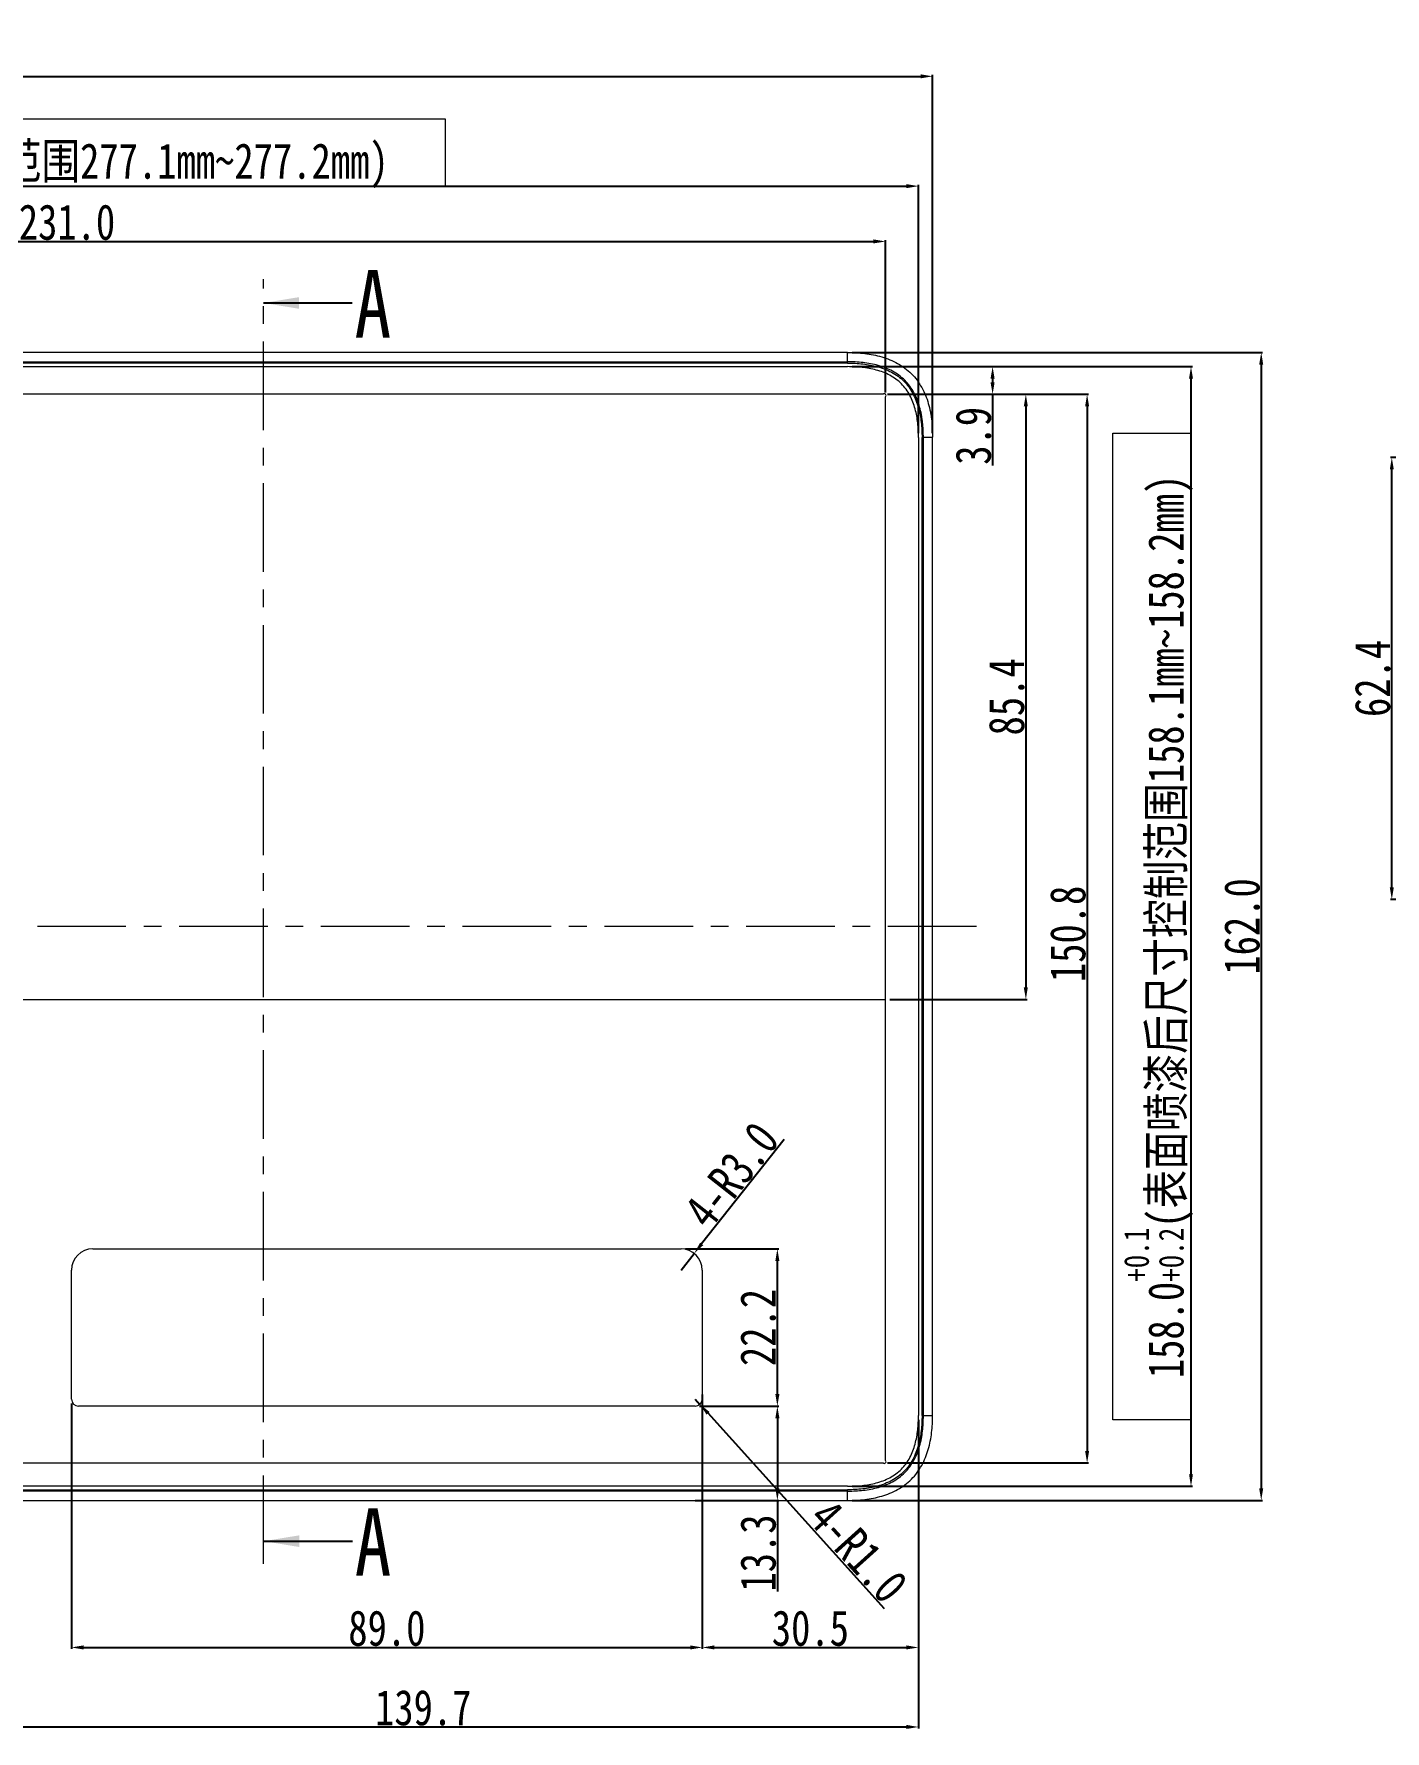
# Model space of a CAD drawing. Header units: inches. Extents: x 26991 to 28396, y -1342 to -349.
# Drawn here: x 27644.1 to 27834.7, y -862.6 to -623.1 of the extents above; entities that cross this region are included whole.
import ezdxf

# ---------------------------------------------------------------- set-up
doc = ezdxf.new("R2010")
doc.units = ezdxf.units.IN
doc.header["$MEASUREMENT"] = 0
doc.linetypes.add('CENTER', pattern=[2, 1.25, -0.25, 0.25, -0.25])
doc.layers.get('0').update_dxf_attribs({"lineweight": 13})
doc.layers.add('DIM', color=1, linetype='Continuous', lineweight=5)
doc.layers.add('中心线', color=7, linetype='CENTER', lineweight=5)
doc.layers.add('注释', color=5, linetype='Continuous')
doc.styles.get("Standard").update_dxf_attribs({"font": ''})
doc.styles.add('汉字专用', font='', dxfattribs={"width": 0.8})
doc.styles.get('Standard').set_extended_font_data('SimSun')
doc.styles.get('汉字专用').set_extended_font_data('SimSun')
doc.dimstyles.new('1', dxfattribs={"dimtxt": 5, "dimasz": 1.7, "dimexe": 0.2, "dimexo": 0.625, "dimgap": 0.2, "dimtad": 1, "dimdec": 1, "dimzin": 1, "dimdsep": 46, "dimtxsty": '汉字专用', "dimcen": 2.5, "dimclrd": 256, "dimclre": 256, "dimclrt": 256, "dimadec": 0, "dimazin": 0, "dimtfac": 1, "dimtdec": 1, "dimtmove": 0, "dimatfit": 3, "dimfxl": 0, "dimarcsym": 0})

# ---------------------------------------------------------------- blocks, each defined once
blk = doc.blocks.new('*D6')
at = {"layer": 'Defpoints', "color": 0}
for p in [(27768.87, -644.53), (27491.87, -680.01), (27768.87, -680.01)]:
    blk.add_point(p, dxfattribs=at)
at = {"layer": 'DIM', "lineweight": -2}
for p, q in [((27491.87, -679.38), (27491.87, -644.33)), ((27493.57, -644.53), (27767.17, -644.53)), ((27768.87, -679.38), (27768.87, -644.33))]:
    blk.add_line(p, q, dxfattribs=at)
at = {"layer": 'DIM'}
for points in [[(27493.57, -644.25), (27493.57, -644.82), (27491.87, -644.53)], [(27767.17, -644.82), (27767.17, -644.25), (27768.87, -644.53)]]:
    blk.add_solid(points, dxfattribs=at)
at = {"layer": 'DIM', "insert": (27630.37, -639.95), "char_height": 5, "attachment_point": 5, "style": '汉字专用'}
blk.add_mtext('277.0{\\H0.7x;\\S+0.1^ +0.2;}(表面喷漆后尺寸控制范围277.1mm~277.2mm)', dxfattribs=at)
blk = doc.blocks.new('*D7')
at = {"layer": 'Defpoints', "color": 0}
for p in [(27770.87, -629.04), (27489.87, -680.01), (27770.87, -680.01)]:
    blk.add_point(p, dxfattribs=at)
at = {"layer": 'DIM', "lineweight": -2}
for p, q in [((27489.87, -679.38), (27489.87, -628.84)), ((27491.57, -629.04), (27769.17, -629.04)), ((27770.87, -679.38), (27770.87, -628.84))]:
    blk.add_line(p, q, dxfattribs=at)
at = {"layer": 'DIM'}
for points in [[(27491.57, -628.75), (27491.57, -629.32), (27489.87, -629.04)], [(27769.17, -629.32), (27769.17, -628.75), (27770.87, -629.04)]]:
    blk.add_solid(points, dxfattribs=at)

● ● ● ● ●

The required output is every line above from the one with "doc.units = ezdxf.units.IN" down to the one with "doc.styles.get('汉字专用", restated word for word, ends included.

§ WRITTEN ANSWER
doc.units = ezdxf.units.IN
doc.header["$MEASUREMENT"] = 0
doc.linetypes.add('CENTER', pattern=[2, 1.25, -0.25, 0.25, -0.25])
doc.layers.get('0').update_dxf_attribs({"lineweight": 13})
doc.layers.add('DIM', color=1, linetype='Continuous', lineweight=5)
doc.layers.add('中心线', color=7, linetype='CENTER', lineweight=5)
doc.layers.add('注释', color=5, linetype='Continuous')
doc.styles.get("Standard").update_dxf_attribs({"font": ''})
doc.styles.add('汉字专用', font='', dxfattribs={"width": 0.8})
doc.styles.get('Standard').set_extended_font_data('SimSun')
doc.styles.get('汉字专用').set_extended_font_data('SimSun')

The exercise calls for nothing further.